Within the data that follows, how many lines carry the string "建筑控制线"? Give the number alone.

── Exercise material ──

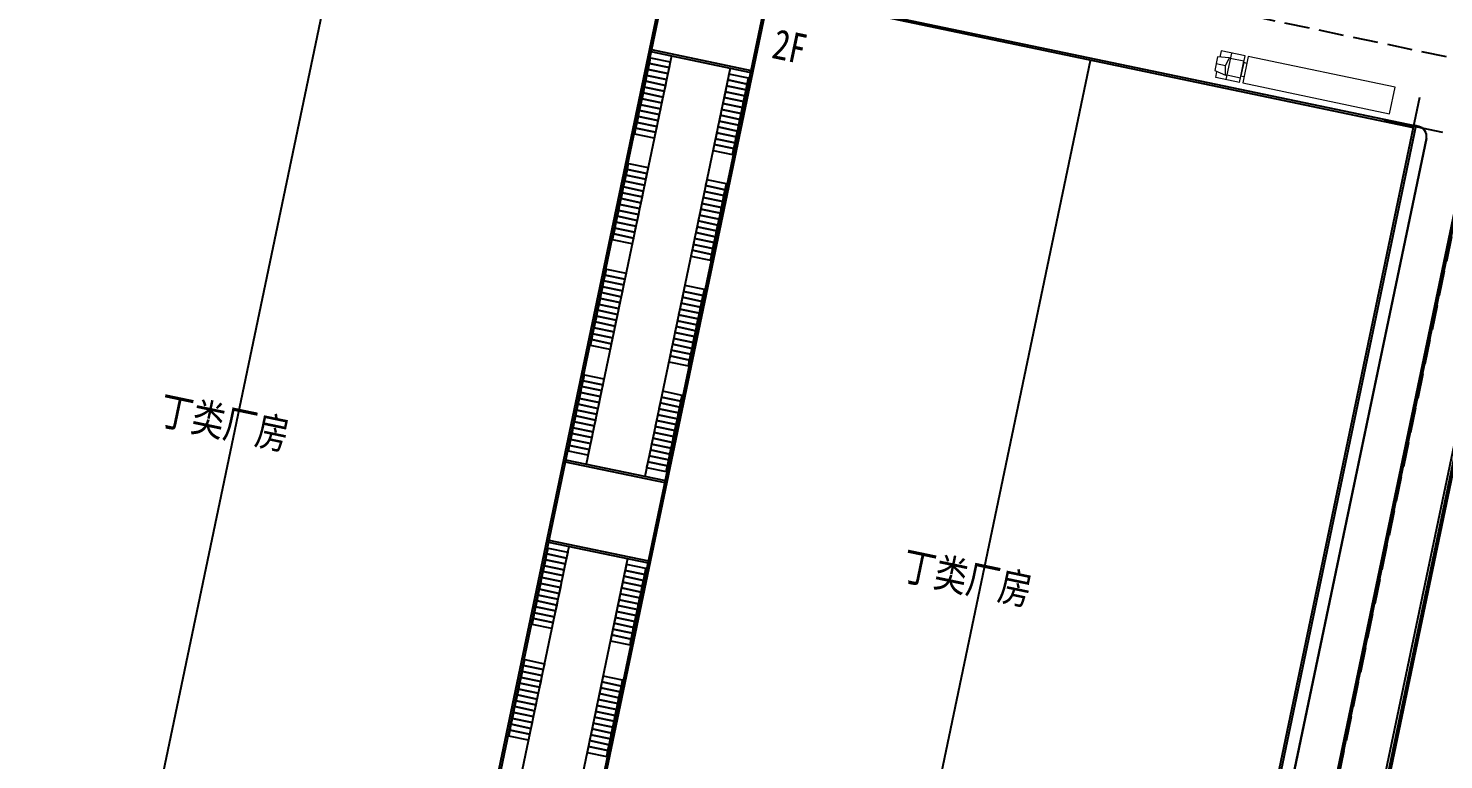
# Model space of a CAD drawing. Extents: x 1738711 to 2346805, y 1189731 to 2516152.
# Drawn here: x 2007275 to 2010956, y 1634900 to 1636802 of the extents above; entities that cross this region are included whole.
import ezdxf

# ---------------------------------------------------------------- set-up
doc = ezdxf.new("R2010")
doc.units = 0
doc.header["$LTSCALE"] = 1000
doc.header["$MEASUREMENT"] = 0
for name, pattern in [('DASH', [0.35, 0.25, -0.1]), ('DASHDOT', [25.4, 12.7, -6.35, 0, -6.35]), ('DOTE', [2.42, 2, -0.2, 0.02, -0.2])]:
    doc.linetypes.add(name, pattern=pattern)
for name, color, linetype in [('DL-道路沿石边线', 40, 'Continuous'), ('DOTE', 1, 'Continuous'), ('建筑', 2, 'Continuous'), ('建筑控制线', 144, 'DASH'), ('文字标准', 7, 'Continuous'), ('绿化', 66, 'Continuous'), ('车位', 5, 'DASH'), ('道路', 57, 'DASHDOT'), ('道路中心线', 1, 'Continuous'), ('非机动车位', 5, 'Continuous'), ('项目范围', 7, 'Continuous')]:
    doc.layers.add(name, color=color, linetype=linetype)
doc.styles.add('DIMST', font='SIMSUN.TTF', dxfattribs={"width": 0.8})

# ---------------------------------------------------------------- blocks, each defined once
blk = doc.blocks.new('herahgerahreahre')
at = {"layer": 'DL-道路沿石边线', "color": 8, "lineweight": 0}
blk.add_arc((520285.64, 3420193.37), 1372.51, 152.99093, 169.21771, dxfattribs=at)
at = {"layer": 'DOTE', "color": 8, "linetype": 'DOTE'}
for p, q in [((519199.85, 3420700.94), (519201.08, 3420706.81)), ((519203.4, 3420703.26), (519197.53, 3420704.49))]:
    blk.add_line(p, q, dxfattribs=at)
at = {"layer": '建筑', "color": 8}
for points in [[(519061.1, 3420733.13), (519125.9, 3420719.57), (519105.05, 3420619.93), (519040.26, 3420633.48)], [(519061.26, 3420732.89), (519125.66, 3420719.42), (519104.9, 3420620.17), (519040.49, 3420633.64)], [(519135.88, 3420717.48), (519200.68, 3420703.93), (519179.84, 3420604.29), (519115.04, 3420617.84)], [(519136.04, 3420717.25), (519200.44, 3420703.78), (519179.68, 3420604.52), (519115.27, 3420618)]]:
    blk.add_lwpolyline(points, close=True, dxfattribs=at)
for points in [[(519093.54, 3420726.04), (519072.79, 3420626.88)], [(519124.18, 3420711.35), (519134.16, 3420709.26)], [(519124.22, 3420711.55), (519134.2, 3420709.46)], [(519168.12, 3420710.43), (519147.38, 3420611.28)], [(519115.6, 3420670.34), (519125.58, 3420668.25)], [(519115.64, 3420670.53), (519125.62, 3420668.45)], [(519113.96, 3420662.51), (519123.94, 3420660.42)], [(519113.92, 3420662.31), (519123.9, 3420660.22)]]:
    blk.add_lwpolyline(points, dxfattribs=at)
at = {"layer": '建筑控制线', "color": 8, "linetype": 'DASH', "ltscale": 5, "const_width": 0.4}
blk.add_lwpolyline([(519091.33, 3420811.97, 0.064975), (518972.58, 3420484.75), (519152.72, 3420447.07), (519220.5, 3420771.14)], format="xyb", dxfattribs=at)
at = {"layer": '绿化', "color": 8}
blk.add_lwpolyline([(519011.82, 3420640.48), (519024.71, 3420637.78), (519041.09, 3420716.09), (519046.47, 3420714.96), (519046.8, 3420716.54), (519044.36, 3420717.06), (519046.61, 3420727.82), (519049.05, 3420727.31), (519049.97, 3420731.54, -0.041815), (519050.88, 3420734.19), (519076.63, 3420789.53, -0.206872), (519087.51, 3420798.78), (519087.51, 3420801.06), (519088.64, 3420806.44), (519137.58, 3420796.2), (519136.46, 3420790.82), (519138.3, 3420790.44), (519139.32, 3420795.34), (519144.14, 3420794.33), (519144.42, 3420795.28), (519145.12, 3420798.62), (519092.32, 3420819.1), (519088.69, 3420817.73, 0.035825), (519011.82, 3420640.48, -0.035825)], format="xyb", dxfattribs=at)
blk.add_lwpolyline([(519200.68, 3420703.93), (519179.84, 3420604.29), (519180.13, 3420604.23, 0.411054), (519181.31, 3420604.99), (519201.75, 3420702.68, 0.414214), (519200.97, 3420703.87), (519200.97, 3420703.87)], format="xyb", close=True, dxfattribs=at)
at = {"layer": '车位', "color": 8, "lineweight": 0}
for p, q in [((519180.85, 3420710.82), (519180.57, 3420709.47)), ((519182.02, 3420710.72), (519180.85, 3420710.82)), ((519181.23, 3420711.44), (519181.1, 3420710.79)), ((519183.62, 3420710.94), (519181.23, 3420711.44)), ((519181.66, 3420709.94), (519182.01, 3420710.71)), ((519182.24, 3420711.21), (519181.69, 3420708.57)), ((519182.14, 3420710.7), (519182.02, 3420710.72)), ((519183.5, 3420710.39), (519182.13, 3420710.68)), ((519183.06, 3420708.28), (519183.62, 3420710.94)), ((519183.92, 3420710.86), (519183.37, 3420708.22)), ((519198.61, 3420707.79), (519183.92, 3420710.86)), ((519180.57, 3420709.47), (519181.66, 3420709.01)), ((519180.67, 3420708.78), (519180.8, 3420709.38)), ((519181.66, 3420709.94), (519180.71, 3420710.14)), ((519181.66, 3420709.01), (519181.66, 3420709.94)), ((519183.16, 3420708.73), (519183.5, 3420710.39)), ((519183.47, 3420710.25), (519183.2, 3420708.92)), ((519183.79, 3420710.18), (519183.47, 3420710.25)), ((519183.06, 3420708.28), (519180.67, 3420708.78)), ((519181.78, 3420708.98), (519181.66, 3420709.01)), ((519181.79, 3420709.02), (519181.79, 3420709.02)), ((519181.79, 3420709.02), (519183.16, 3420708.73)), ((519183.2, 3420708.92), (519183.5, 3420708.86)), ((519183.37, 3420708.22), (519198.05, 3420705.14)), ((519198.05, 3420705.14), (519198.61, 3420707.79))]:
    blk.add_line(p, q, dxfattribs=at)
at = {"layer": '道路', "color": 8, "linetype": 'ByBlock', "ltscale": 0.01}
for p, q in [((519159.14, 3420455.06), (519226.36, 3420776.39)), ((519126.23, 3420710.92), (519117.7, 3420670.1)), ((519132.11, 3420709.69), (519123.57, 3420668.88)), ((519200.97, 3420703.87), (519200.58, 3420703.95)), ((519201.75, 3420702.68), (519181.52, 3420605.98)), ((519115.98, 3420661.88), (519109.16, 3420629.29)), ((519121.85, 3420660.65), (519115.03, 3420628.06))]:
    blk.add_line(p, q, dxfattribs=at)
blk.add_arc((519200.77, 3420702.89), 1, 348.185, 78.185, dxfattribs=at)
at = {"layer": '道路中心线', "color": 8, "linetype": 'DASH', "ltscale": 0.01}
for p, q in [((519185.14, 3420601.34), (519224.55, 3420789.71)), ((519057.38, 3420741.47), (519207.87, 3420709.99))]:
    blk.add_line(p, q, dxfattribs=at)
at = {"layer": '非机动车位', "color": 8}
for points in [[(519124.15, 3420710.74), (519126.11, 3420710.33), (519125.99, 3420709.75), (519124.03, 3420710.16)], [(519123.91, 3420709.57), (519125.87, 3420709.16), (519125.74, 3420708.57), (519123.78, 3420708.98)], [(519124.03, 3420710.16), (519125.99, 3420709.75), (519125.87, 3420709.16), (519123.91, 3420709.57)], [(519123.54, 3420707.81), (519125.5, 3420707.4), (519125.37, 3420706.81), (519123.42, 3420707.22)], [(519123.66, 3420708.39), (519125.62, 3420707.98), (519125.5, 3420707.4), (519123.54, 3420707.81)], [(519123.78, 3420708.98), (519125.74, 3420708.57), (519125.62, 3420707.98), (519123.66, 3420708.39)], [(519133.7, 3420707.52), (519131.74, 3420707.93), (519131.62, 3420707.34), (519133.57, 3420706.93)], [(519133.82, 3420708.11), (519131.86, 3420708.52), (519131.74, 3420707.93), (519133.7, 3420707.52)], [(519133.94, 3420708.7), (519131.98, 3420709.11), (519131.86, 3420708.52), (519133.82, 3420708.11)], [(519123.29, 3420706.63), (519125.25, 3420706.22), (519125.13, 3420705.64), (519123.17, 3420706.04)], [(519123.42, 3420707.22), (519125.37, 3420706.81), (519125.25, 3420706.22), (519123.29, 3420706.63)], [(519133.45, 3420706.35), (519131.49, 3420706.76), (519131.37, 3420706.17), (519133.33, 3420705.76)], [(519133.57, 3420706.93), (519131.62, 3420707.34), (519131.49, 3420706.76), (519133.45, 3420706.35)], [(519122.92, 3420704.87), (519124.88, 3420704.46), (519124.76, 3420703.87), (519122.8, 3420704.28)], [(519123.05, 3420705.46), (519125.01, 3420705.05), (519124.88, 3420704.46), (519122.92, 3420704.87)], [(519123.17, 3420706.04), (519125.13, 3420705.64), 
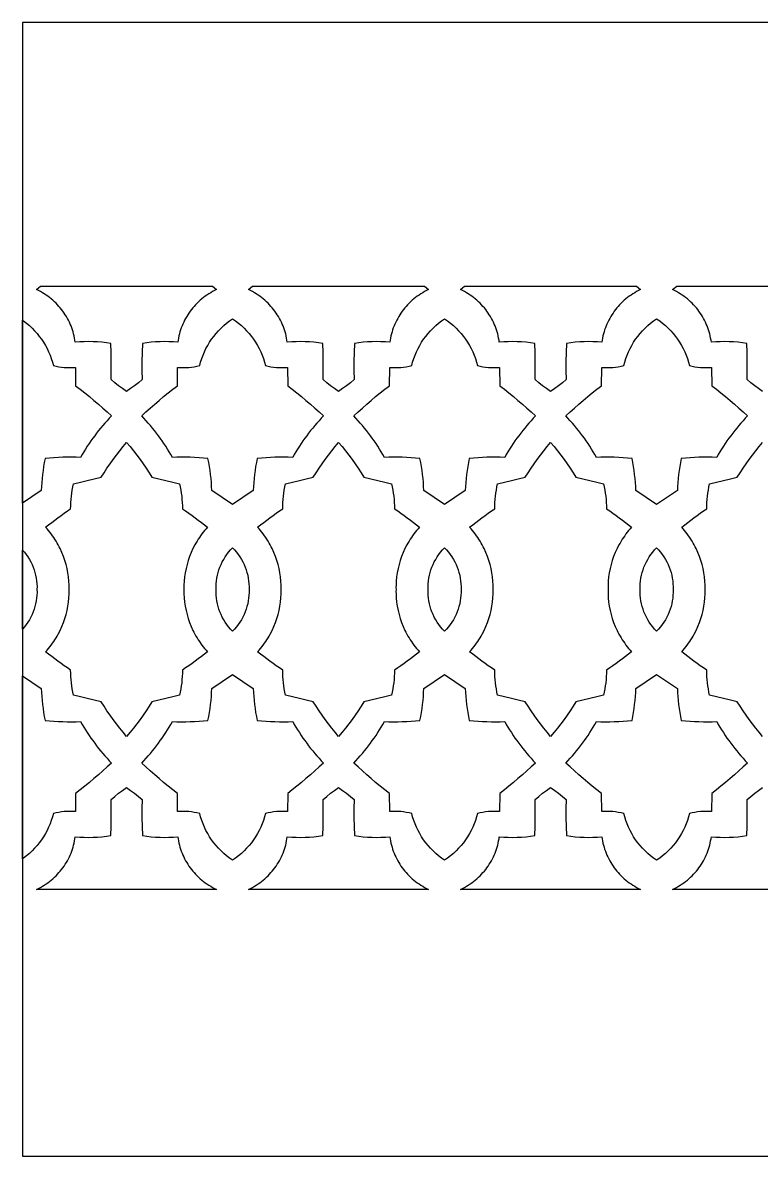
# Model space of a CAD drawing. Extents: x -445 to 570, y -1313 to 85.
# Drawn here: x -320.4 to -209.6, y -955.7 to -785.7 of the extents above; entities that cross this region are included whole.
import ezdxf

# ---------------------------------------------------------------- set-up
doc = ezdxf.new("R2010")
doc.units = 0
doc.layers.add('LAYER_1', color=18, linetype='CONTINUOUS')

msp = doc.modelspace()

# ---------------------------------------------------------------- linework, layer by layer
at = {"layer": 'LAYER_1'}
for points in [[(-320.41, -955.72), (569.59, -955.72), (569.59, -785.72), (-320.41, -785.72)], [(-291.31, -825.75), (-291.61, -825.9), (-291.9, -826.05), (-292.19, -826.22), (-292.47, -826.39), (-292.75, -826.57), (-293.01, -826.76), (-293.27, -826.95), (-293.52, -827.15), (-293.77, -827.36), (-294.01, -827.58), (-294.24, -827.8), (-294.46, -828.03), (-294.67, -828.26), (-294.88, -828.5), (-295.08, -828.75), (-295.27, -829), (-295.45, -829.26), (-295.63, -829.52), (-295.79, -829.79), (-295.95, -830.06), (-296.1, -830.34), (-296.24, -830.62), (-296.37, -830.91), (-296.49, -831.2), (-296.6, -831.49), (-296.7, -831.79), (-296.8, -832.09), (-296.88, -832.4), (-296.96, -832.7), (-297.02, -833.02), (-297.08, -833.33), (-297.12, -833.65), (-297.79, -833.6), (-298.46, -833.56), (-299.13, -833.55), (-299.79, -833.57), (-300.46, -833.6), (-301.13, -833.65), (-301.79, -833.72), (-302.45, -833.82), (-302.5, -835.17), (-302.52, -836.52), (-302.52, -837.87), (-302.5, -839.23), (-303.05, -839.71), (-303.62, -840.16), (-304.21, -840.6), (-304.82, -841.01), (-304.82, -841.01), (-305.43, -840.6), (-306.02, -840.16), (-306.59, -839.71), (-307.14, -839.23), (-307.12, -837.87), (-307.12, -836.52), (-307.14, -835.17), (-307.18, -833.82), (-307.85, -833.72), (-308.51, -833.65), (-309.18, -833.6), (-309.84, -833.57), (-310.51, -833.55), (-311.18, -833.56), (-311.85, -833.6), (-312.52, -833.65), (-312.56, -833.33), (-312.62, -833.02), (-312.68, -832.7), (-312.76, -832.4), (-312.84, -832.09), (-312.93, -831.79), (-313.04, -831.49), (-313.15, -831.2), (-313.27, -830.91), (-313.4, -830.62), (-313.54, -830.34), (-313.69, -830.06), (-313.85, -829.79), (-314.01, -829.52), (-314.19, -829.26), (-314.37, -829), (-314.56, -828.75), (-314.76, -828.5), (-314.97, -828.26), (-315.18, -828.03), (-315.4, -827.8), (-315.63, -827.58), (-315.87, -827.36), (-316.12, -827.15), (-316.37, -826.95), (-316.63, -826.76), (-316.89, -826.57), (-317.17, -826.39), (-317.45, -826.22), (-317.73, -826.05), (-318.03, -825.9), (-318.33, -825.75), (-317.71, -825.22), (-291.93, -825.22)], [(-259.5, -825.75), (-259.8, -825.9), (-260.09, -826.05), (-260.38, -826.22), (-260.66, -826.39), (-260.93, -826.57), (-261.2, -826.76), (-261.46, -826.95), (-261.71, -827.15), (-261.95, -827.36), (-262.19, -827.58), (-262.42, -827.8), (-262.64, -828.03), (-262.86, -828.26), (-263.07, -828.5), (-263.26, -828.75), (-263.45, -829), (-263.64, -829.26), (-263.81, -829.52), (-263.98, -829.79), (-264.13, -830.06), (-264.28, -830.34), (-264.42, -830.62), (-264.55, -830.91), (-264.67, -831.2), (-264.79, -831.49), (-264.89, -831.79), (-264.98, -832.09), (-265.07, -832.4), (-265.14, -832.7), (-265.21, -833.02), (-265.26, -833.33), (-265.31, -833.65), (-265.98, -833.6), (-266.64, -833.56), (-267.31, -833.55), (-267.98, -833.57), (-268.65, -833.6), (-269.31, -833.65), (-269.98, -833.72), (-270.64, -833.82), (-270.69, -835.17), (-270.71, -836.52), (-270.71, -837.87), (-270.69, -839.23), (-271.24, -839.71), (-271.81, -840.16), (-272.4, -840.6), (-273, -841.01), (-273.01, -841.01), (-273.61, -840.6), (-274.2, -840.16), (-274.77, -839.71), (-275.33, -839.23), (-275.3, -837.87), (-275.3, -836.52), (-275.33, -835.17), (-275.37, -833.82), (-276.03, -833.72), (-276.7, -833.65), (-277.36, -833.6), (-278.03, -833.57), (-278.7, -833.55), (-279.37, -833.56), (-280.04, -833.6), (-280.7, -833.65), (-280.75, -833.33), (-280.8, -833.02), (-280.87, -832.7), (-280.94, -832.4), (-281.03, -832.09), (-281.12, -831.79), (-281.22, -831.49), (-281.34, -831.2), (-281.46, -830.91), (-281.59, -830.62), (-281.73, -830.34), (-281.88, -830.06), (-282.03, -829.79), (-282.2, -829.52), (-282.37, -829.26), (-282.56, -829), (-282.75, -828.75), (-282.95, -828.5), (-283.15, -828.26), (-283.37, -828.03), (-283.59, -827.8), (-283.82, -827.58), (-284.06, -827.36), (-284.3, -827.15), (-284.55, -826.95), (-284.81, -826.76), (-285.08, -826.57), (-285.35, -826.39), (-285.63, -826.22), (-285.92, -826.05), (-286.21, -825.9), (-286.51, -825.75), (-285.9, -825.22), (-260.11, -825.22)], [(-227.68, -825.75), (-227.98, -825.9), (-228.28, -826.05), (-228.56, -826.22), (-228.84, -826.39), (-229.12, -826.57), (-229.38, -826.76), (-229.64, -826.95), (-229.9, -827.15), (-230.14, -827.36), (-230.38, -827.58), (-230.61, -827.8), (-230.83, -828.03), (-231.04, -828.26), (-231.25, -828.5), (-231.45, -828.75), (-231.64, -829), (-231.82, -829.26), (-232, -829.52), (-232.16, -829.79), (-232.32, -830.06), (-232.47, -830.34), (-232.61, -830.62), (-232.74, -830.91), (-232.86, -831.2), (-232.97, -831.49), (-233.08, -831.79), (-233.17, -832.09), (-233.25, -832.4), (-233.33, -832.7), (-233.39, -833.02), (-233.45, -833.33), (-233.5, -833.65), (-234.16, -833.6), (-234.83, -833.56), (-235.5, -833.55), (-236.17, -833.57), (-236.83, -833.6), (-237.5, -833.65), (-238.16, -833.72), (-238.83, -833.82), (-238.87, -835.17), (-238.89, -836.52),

───

Problem solution — 2